Médico- Pediatra, autor del estudio "Familia Vs Instituciones", Encuesta 55 (15 de enero de 1926): 485-488.

Se nos dice que la voluntad de vivir se despierta en cada bebé por el deseo irresistible de su madre de jugar con él, el valor fisiológico de la alegría de que un niño nazca, y que la alta tasa de mortalidad en las instituciones aumenta por los bebés descontentos que uno persuade a vivir.

Jane Addams

Por aquel entonces, las pautas y recomendaciones a seguir eran los dogmas establecidos por el Dr. Luther Emmett Holt, autoridad suprema en los cuidados de los neonatos tras la publicación de su ensayo «La esencia y la alimentación de los niños» (The Core and Feeding of Children) en 1894, que seguía siendo un referente en 1935.

En este texto, el Dr.
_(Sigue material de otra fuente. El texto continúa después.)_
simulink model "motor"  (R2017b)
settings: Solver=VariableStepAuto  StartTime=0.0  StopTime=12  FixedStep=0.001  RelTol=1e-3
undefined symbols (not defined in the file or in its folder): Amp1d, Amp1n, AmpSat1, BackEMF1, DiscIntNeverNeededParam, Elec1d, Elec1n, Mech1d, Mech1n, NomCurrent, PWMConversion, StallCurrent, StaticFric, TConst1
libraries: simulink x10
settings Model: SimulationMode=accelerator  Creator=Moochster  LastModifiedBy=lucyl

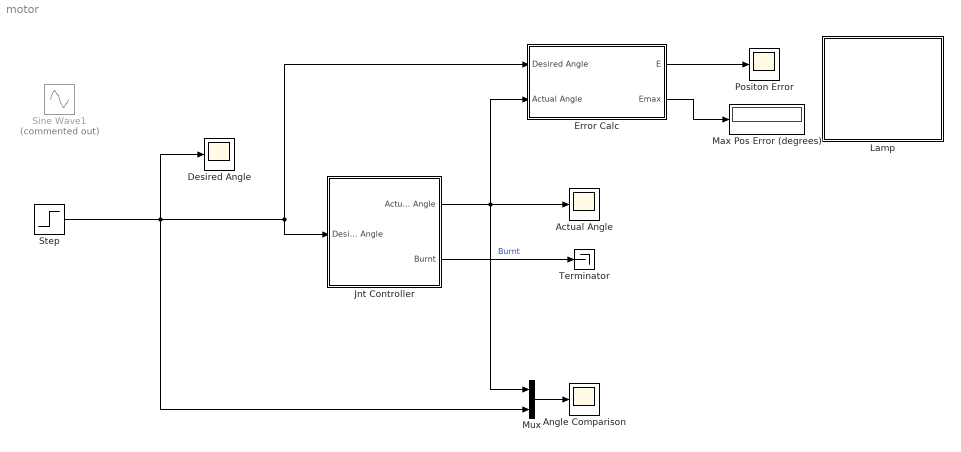
== system motor ==
  Actual Angle : Scope
  Angle Comparison : Scope
  Desired Angle : Scope
  Error Calc : Subsystem
  Jnt Controller : Subsystem
  Lamp : Subsystem  DialogController=hmiCreateDDGDialog  IsWebBlock=on  mask(MWDashboardBlock){webBlockId=7fcfd6b5-b98b-441a-9880-35fe4990fbef, webBlockType=lamp, ShowInLibBrowser=on, ShowInitialText=on, HMISrcModelName=motor}
      mask prompts: webBlockType "WebBlock Type"; HMISrcModelName "Source Model"
      mask help: SimulinkHMI:dialogs:LampDialogDesc
      mask Help: helpview([docroot '/mapfiles/simulink.map'], 'hmi_lamp')
      mask Display:
      | if strcmp(get_param(bdroot(gcb),'BlockDiagramType'), 'library')
      |     image([(matlabroot) '/toolbox/simulink/hmi/icons/Lamp.png']);
      | end
  Max Pos Error (degrees) : Display
  Mux : Mux  Inputs=2
  Positon Error : Scope
  Sine Wave1 : Sin  Commented=on  Amplitude=pi/4  Frequency=15*2*pi  Samples=15  SampleTime=0
  Step : Step  Time=0.02  SampleTime=0
  Terminator : Terminator
  wires:
  Step/1 -> Mux/2, Desired Angle/1, Error Calc/1(Desired Angle), Jnt Controller/1(Desired Angle)
  Jnt Controller/1(Actual Angle) -> Error Calc/2(Actual Angle), Actual Angle/1, Mux/1
  Error Calc/1(E) -> Positon Error/1
  Error Calc/2(Emax) -> Max Pos Error (degrees)/1
  Jnt Controller/2(Burnt) -> Terminator/1  "Burnt"
  Mux/1 -> Angle Comparison/1

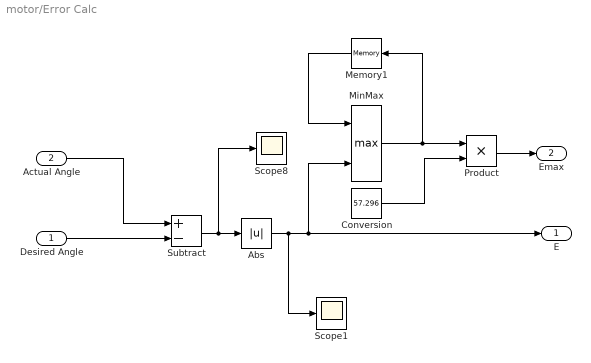
== system motor/Error Calc ==
  Desired Angle : Inport
  Actual Angle : Inport  Port=2
  Abs : Abs
  Conversion : Constant  Value=57.296
  Memory1 : Memory
  MinMax : MinMax  Function=max  Inputs=2  ZeroCross=off
  Product : Product
  Scope1 : Scope
  Scope8 : Scope
  Subtract : Sum  Inputs=+-
  E : Outport
  Emax : Outport  Port=2
  wires:
  Actual Angle/1 -> Subtract/1
  Desired Angle/1 -> Subtract/2
  Subtract/1 -> Scope8/1, Abs/1
  MinMax/1 -> Product/1, Memory1/1
  Memory1/1 -> MinMax/1
  Abs/1 -> Scope1/1, MinMax/2, E/1
  Product/1 -> Emax/1
  Conversion/1 -> Product/2

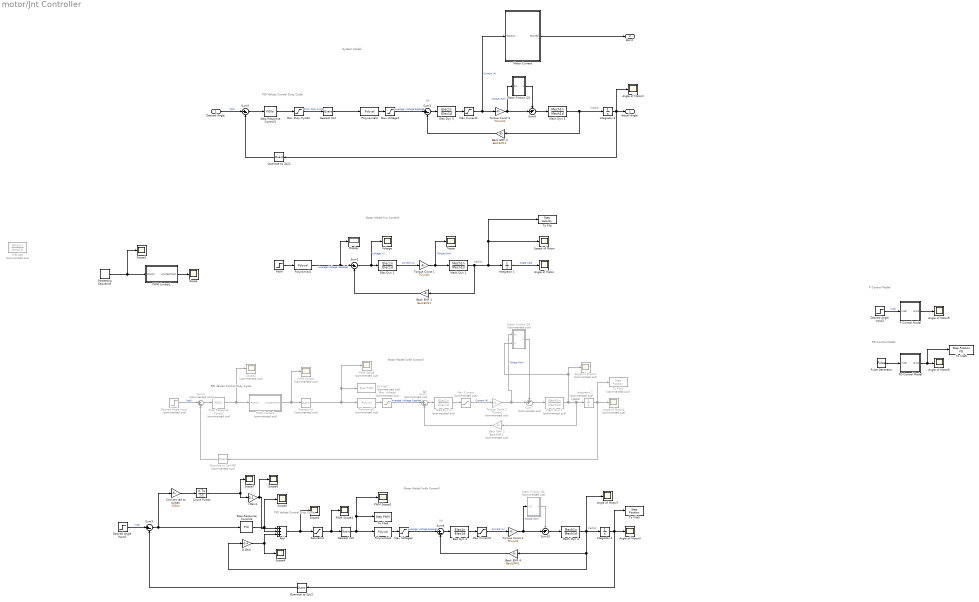
== system motor/Jnt Controller ==
  note: (rad/s)
  note: (rad/s)
  note: (V)
  note: PID Values Control Duty Cycle
  note: Motor Model (no Control)
  note: Motor Model (with Control)
  note: System Model
  note: (rad/s)
  note: (V)
  note: PID Values Control Duty Cycle
  note: (rad/s)
  note: (V)
  note: PID Values Control Duty Cycle
  note: Motor Model (with Control)
  note: P Control Model
  note: PD Control Model
  Desired Angle : Inport
  Add : Sum  Inputs=+++
  Angle of Motor{,2..3,5..7} (6 alike) : Scope
  Angle of Motor1 : Scope  Commented=on
  Angle of Motor4 : Scope  Commented=on
  Back EMF 1 : Gain  Gain=BackEMF1
  Back EMF 2 : Gain  Commented=on  Gain=BackEMF1
  Back EMF 3 : Gain  Gain=BackEMF1
  Back EMF 4 : Gain  Gain=BackEMF1
  Convert rad to pulses : Gain  Gain=200/pi
  Count Pulses : DiscreteIntegrator  InitialConditionSetting=State (most efficient)  SampleTime=0.001  ICPrevOutput=DiscIntNeverNeededParam  ICPrevScaledInput=DiscIntNeverNeededParam
  D Gain : Gain  Gain=-0.4
  Desired Angle Input : Step  Commented=on  Time=0  After=pi  SampleTime=0
  Desired Angle Input1 : Step  Time=0  After=pi  SampleTime=0
  Desired Angle Input2 : Step  Time=0  After=4*pi  SampleTime=0
  Display : Display
  Elec Dyn 1 : TransferFcn  Numerator=Elec1n  Denominator=Elec1d
  Elec Dyn 2 : TransferFcn  Commented=on  Numerator=Elec1n  Denominator=Elec1d
  Elec Dyn 3 : TransferFcn  Numerator=Elec1n  Denominator=Elec1d
  Elec Dyn 4 : TransferFcn  Numerator=Elec1n  Denominator=Elec1d
  "H-Bridge " : TransferFcn  Commented=on  Numerator=Amp1n  Denominator=Amp1d
  I Gain1 : Gain  Gain=0.1
  Integrator 1 : Integrator
  Integrator 2 : Integrator  Commented=on
  Integrator 3 : Integrator
  Integrator 4 : Integrator
  Max Current : Saturate  Commented=on  UpperLimit=1  LowerLimit=-1
  Max Current1 : Saturate  UpperLimit=1  LowerLimit=-1
  Max Current2 : Saturate  UpperLimit=1  LowerLimit=-1
  Max Duty Cycle2 : Saturate  UpperLimit=255  LowerLimit=-255
  Max Voltage : Saturate  Commented=on  UpperLimit=AmpSat1  LowerLimit=-AmpSat1
  Max Voltage1 : Saturate  UpperLimit=AmpSat1  LowerLimit=-AmpSat1
  Max Voltage2 : Saturate  UpperLimit=AmpSat1  LowerLimit=-AmpSat1
  Mech Dyn 1 : TransferFcn  Numerator=Mech1n  Denominator=Mech1d
  Mech Dyn 2 : TransferFcn  Commented=on  Numerator=Mech1n  Denominator=Mech1d
  Mech Dyn 3 : TransferFcn  Numerator=Mech1n  Denominator=Mech1d
  Mech Dyn 4 : TransferFcn  Numerator=Mech1n  Denominator=Mech1d
  Motor Current : Subsystem
  Nearest Int : Quantizer  Commented=on  QuantizationInterval=1
  Nearest Int1 : Quantizer  QuantizationInterval=1
  Nearest Int2 : Quantizer  QuantizationInterval=1
  "P Control Model " : Subsystem
  PD Control Model : Subsystem
  PWM : Step  Time=0.02  After=25  SampleTime=0
  PWM Limiter1 : Subsystem
  PWM Limiter2 : Subsystem  Commented=on
  PWM Scope : Scope  Commented=on
  PWM Scope1 : Scope  Commented=on
  PWM Scope2 : Scope
  PWM Scope3 : Scope
  Polynomial1 : Polyval  Coefs=PWMConversion
  Polynomial2 : Polyval  Commented=on  Coefs=PWMConversion
  Polynomial3 : Polyval  Coefs=PWMConversion
  Polynomial4 : Polyval  Coefs=PWMConversion
  Pulse Generator : DiscretePulseGenerator  PulseType=Time based  Amplitude=pi  Period=4  PulseWidth=50  PhaseDelay=0.5
  Quantize to 2pi/1 : Quantizer  QuantizationInterval=2*pi/400
  Quantize to 2pi/2 : Quantizer  QuantizationInterval=2*pi/400
  Quantize to 2pi/400 : Quantizer  Commented=on  QuantizationInterval=2*pi/400
  Repeating Sequence : simulink/Sources/Repeating Sequence  rep_seq_t=[0 2]  rep_seq_y=[-255 255]
  Saturation : Saturate  UpperLimit=255  LowerLimit=-255
  Scope{,1,3..7} (7 alike) : Scope
  Scope2 : Scope  Commented=on
  Speed of Motor : Scope
  Static Friction Q1 : Subsystem  Commented=on
  Static Friction Q2 : Subsystem
  Static Friction Q4 : Subsystem  Commented=on
  Step Response Control : simulink/Continuous/PID Controller  Commented=on  Controller=PID  TimeDomain=Continuous-time  SampleTime=-1  IntegratorMethod=Backward Euler  FilterMethod=Backward Euler  Form=Parallel  UseFilter=on  ControllerParametersSource=internal  P=10/pi  I=0  D=0  N=12783.9693192408  InitialConditionSource=internal  InitialConditionForIntegrator=0  InitialConditionForFilter=0  ExternalReset=none  LimitOutput=off  UpperSaturationLimit=inf  LowerSaturationLimit=-inf  LinearizeAsGain=on  AntiWindupMode=none  Kb=1  TrackingMode=off  Kt=1  PParamMin=[]  PParamMax=[]  IParamMin=[]  IParamMax=[]  DParamMin=[]  DParamMax=[]  NParamMin=[]  NParamMax=[]  KbParamMin=[]  KbParamMax=[]  KtParamMin=[]  KtParamMax=[]  POutMin=[]  POutMax=[]  IOutMin=[]  IOutMax=[]  DOutMin=[]  DOutMax=[]  NOutMin=[]  NOutMax=[]  KbOutMin=[]  KbOutMax=[]  KtOutMin=[]  KtOutMax=[]  IntegratorOutMin=[]  IntegratorOutMax=[]  FilterOutMin=[]  FilterOutMax=[]  SumOutMin=[]  SumOutMax=[]  SumI1OutMin=[]  SumI1OutMax=[]  SumI2OutMin=[]  SumI2OutMax=[]  SumI3OutMin=[]  SumI3OutMax=[]  SumDOutMin=[]  SumDOutMax=[]  SaturationOutMin=[]  SaturationOutMax=[]  IntegratorContinuousStateAttributes=''  IntegratorStateMustResolveToSignalObject=off  IntegratorRTWStateStorageClass=Auto  FilterContinuousStateAttributes=''  FilterStateMustResolveToSignalObject=off  FilterRTWStateStorageClass=Auto  DifferentiatorICPrevScaledInput=0  DifferentiatorOutMin=[]  DifferentiatorOutMax=[]  InitialConditionSetting=State (most efficient)  FilterDiffOutCoefMin=[]  FilterDiffOutCoefMax=[]  SumDenOutMin=[]  SumDenOutMax=[]  SumNumOutMin=[]  SumNumOutMax=[]  ReciprocalOutMin=[]  ReciprocalOutMax=[]  DivideOutMin=[]  DivideOutMax=[]  TunerSelectOption=Transfer Function Based (PID Tuner App)
  Step Response Control1 : simulink/Continuous/PID Controller  Controller=PID  TimeDomain=Continuous-time  SampleTime=-1  IntegratorMethod=Forward Euler  FilterMethod=Forward Euler  Form=Parallel  UseFilter=on  ControllerParametersSource=internal  P=10/pi  I=0  D=0  N=12783.9693192408  InitialConditionSource=internal  InitialConditionForIntegrator=0  InitialConditionForFilter=0  ExternalReset=none  LimitOutput=off  UpperSaturationLimit=inf  LowerSaturationLimit=-inf  LinearizeAsGain=on  AntiWindupMode=none  Kb=1  TrackingMode=off  Kt=1  PParamMin=[]  PParamMax=[]  IParamMin=[]  IParamMax=[]  DParamMin=[]  DParamMax=[]  NParamMin=[]  NParamMax=[]  KbParamMin=[]  KbParamMax=[]  KtParamMin=[]  KtParamMax=[]  POutMin=[]  POutMax=[]  IOutMin=[]  IOutMax=[]  DOutMin=[]  DOutMax=[]  NOutMin=[]  NOutMax=[]  KbOutMin=[]  KbOutMax=[]  KtOutMin=[]  KtOutMax=[]  IntegratorOutMin=[]  IntegratorOutMax=[]  FilterOutMin=[]  FilterOutMax=[]  SumOutMin=[]  SumOutMax=[]  SumI1OutMin=[]  SumI1OutMax=[]  SumI2OutMin=[]  SumI2OutMax=[]  SumI3OutMin=[]  SumI3OutMax=[]  SumDOutMin=[]  SumDOutMax=[]  SaturationOutMin=[]  SaturationOutMax=[]  IntegratorContinuousStateAttributes=''  IntegratorStateMustResolveToSignalObject=off  IntegratorRTWStateStorageClass=Auto  FilterContinuousStateAttributes=''  FilterStateMustResolveToSignalObject=off  FilterRTWStateStorageClass=Auto  DifferentiatorICPrevScaledInput=0  DifferentiatorOutMin=[]  DifferentiatorOutMax=[]  InitialConditionSetting=State (most efficient)  FilterDiffOutCoefMin=[]  FilterDiffOutCoefMax=[]  SumDenOutMin=[]  SumDenOutMax=[]  SumNumOutMin=[]  SumNumOutMax=[]  ReciprocalOutMin=[]  ReciprocalOutMax=[]  DivideOutMin=[]  DivideOutMax=[]  TunerSelectOption=Transfer Function Based (PID Tuner App)
  Step Response Control3 : simulink/Continuous/PID Controller  Controller=P  TimeDomain=Continuous-time  SampleTime=-1  IntegratorMethod=Backward Euler  FilterMethod=Backward Euler  Form=Parallel  UseFilter=on  ControllerParametersSource=internal  P=17.2248010753834  I=30.2607202690595  D=2.6356  N=6709.12247034215  InitialConditionSource=internal  InitialConditionForIntegrator=0  InitialConditionForFilter=0  ExternalReset=none  LimitOutput=off  UpperSaturationLimit=inf  LowerSaturationLimit=-inf  LinearizeAsGain=on  AntiWindupMode=none  Kb=1  TrackingMode=off  Kt=1  PParamMin=[]  PParamMax=[]  IParamMin=[]  IParamMax=[]  DParamMin=[]  DParamMax=[]  NParamMin=[]  NParamMax=[]  KbParamMin=[]  KbParamMax=[]  KtParamMin=[]  KtParamMax=[]  POutMin=[]  POutMax=[]  IOutMin=[]  IOutMax=[]  DOutMin=[]  DOutMax=[]  NOutMin=[]  NOutMax=[]  KbOutMin=[]  KbOutMax=[]  KtOutMin=[]  KtOutMax=[]  IntegratorOutMin=[]  IntegratorOutMax=[]  FilterOutMin=[]  FilterOutMax=[]  SumOutMin=[]  SumOutMax=[]  SumI1OutMin=[]  SumI1OutMax=[]  SumI2OutMin=[]  SumI2OutMax=[]  SumI3OutMin=[]  SumI3OutMax=[]  SumDOutMin=[]  SumDOutMax=[]  SaturationOutMin=[]  SaturationOutMax=[]  IntegratorContinuousStateAttributes=''  IntegratorStateMustResolveToSignalObject=off  IntegratorRTWStateStorageClass=Auto  FilterContinuousStateAttributes=''  FilterStateMustResolveToSignalObject=off  FilterRTWStateStorageClass=Auto  DifferentiatorICPrevScaledInput=0  DifferentiatorOutMin=[]  DifferentiatorOutMax=[]  InitialConditionSetting=State (most efficient)  FilterDiffOutCoefMin=[]  FilterDiffOutCoefMax=[]  SumDenOutMin=[]  SumDenOutMax=[]  SumNumOutMin=[]  SumNumOutMax=[]  ReciprocalOutMin=[]  ReciprocalOutMax=[]  DivideOutMin=[]  DivideOutMax=[]  TunerSelectOption=Transfer Function Based (PID Tuner App)
  Sum{1,3,5,8..9} (5 alike) : Sum  Inputs=|+-
  Sum10 : Sum  Inputs=-+|
  Sum2 : Sum  Commented=on  Inputs=|+-
  Sum4 : Sum  Commented=on  Inputs=|+-
  Sum6 : Sum  Inputs=-+|
  Sum7 : Sum  Commented=on  Inputs=-+|
  Tester : Scope
  To File : ToFile  Filename=Step Velocity  SampleTime=0.01
  To File1 : ToFile  Commented=on  Filename=Step Position  SampleTime=0.01
  To File2 : ToFile  Commented=on  Filename=Step PWM  SampleTime=0.01
  To File3 : ToFile  Filename=Step Position  SampleTime=0.01
  To File4 : ToFile  Filename=Step PWM  SampleTime=0.01
  To File5 : ToFile  Filename=Step Position PD  SampleTime=0.01
  Torque Const 1 : Gain  Gain=TConst1
  Torque Const 2 : Gain  Commented=on  Gain=TConst1
  Torque Const 3 : Gain  Gain=TConst1
  Torque Const 4 : Gain  Gain=TConst1
  Voltage : Scope
  Actual Angle : Outport
  Burnt : Outport  Port=2
  wires:
  Motor Current/1(Burned) -> Burnt/1
  Mech Dyn 1/1 -> Back EMF 1/1, Integrator 1/1, To File/1, Speed of Motor/1
  Integrator 1/1 -> Angle of Motor/1  "Angle (rad)"
  Torque Const 1/1 -> Tester/1, Mech Dyn 1/1  "Torque (Nm)"
  Back EMF 1/1 -> Sum1/2
  Elec Dyn 1/1 -> Torque Const 1/1  "Current (A)"
  Sum1/1 -> Elec Dyn 1/1, Voltage/1  "Voltage (V)"
  Max Voltage/1 -> Sum2/1  "Average  Voltage Supplied"
  Desired Angle Input/1 -> Sum4/1  "(rad)"
  Back EMF 2/1 -> Sum2/2
  Elec Dyn 2/1 -> Max Current/1
  Sum4/1 -> Step Response Control/1
  Sum2/1 -> Elec Dyn 2/1
  Step Response Control/1 -> PWM Limiter2/1(PWMIn), Scope2/1
  Polynomial1/1 -> Display/1, Sum1/1  "Average Voltage  Supplied"
  PWM/1 -> Polynomial1/1
  Polynomial2/1 -> Max Voltage/1
  Max Current/1 -> Torque Const 2/1  "Current (A)"
  Quantize to 2pi/400/1 -> Sum4/2
  Sum7/1 -> Mech Dyn 2/1
  Mech Dyn 2/1 -> Static Friction Q4/2(w), Angle of Motor4/1, Back EMF 2/1, Integrator 2/1
  Torque Const 2/1 -> Static Friction Q4/1(Fin), Sum7/2  "Torque (Nm)"
  Integrator 2/1 -> To File1/1, Angle of Motor1/1, Quantize to 2pi/400/1
  Static Friction Q2/1(Fout) -> Sum6/1
  Integrator 3/1 -> Actual Angle/1, Angle of Motor2/1, Quantize to 2pi/1/1
  Nearest Int1/1 -> Polynomial3/1
  Torque Const 3/1 -> Sum6/2, Static Friction Q2/1(Fin)  "Torque (Nm)"
  Mech Dyn 3/1 -> Integrator 3/1, Back EMF 3/1
  Sum6/1 -> Mech Dyn 3/1
  Quantize to 2pi/1/1 -> Sum5/2
  Max Current1/1 -> Motor Current/1(MotCurr), Torque Const 3/1  "Current (A)"
  Polynomial3/1 -> Max Voltage1/1
  Step Response Control1/1 -> Max Duty Cycle2/1
  Sum3/1 -> Elec Dyn 3/1
  Sum5/1 -> Step Response Control1/1
  Elec Dyn 3/1 -> Max Current1/1
  Back EMF 3/1 -> Sum3/2
  Desired Angle/1 -> Sum5/1  "(rad)"
  Max Voltage1/1 -> Sum3/1  "Average  Voltage Supplied"
  Max Duty Cycle2/1 -> Nearest Int1/1  "PWM  Duty Cycle"
  Repeating Sequence/1 -> PWM Limiter1/1(PWMIn), Scope1/1
  PWM Limiter1/1("Limited PWM ") -> Scope/1
  Nearest Int/1 -> PWM Scope/1, To File2/1, Polynomial2/1
  PWM Limiter2/1("Limited PWM ") -> PWM Scope1/1, Nearest Int/1
  Saturation/1 -> Nearest Int2/1, PWM Scope3/1
  Nearest Int2/1 -> Polynomial4/1, To File4/1, PWM Scope2/1
  Integrator 4/1 -> Quantize to 2pi/2/1, Angle of Motor3/1, To File3/1
  Torque Const 4/1 -> Static Friction Q1/1(Fin), Sum10/2  "Torque (Nm)"
  Mech Dyn 4/1 -> Angle of Motor7/1, D Gain/1, Back EMF 4/1, Integrator 4/1
  Sum10/1 -> Mech Dyn 4/1
  Quantize to 2pi/2/1 -> Sum9/2
  Max Current2/1 -> Torque Const 4/1  "Current (A)"
  Polynomial4/1 -> Max Voltage2/1
  Add/1 -> Saturation/1, Scope3/1
  Sum8/1 -> Elec Dyn 4/1
  Elec Dyn 4/1 -> Max Current2/1
  Back EMF 4/1 -> Sum8/2
  Desired Angle Input1/1 -> Sum9/1  "(rad)"
  Max Voltage2/1 -> Sum8/1  "Average  Voltage Supplied"
  Static Friction Q4/1(Fout) -> Sum7/1
  Static Friction Q1/1(Fout) -> Sum10/1
  Desired Angle Input2/1 -> "P Control Model "/1((rad))  "(rad)"
  "P Control Model "/1(Out1) -> Angle of Motor5/1
  Step Response Control3/1 -> Add/2, Scope5/1
  Sum9/1 -> Convert rad to pulses/1, Step Response Control3/1
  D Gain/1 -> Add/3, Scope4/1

Holt recomendaba la abolición de la cuna mecedora, no tomar en brazos a los bebés, ni siquiera cuando éstos lloraran, alimentarlo a horas establecidas y no establecer demasiado contacto visual con ellos. Se extendió la idea de que aplicar cuidados tiernos sería poco científico.

Aunque ésto no sucedió en todos los lugares, ya que como hemos visto, en Düsseldorf la forma de actuar era radicalmente diferente. Tras reconocer este tipo de beneficios del contacto con los bebés, a finales de la década de 1920, varios hospitales pediátricos empezaron a introducir un régimen regular de cuidados maternales en sus pabellones: tomar en brazos a los bebés, acariciarlos, amamantarlos siempre que fuese posible, hablarles, mirarles a los ojos, sonreirles…  La mortalidad descendió del 35% en hospitales como el de Hospital Bellevue  (Nueva York) a menos del 10% en 1938.

Por tanto, entendiendo que los bebés conocen el mundo a través del tacto y de las percepciones sensoriales, es un hecho hoy en día el realizar el tacto piel con piel con el recién nacido, ya sea con su madre, su padre o cualquier persona del entorno, nada más nacer. No sólo por el vínculo que se crea, sino porque los estudios posteriores también han recalcado la importancia de este contacto con los bebés para su correcto desarrollo cerebral.

 

 

Aunque todo esto es algo de lo que la vieja Anna ya se había dado cuenta…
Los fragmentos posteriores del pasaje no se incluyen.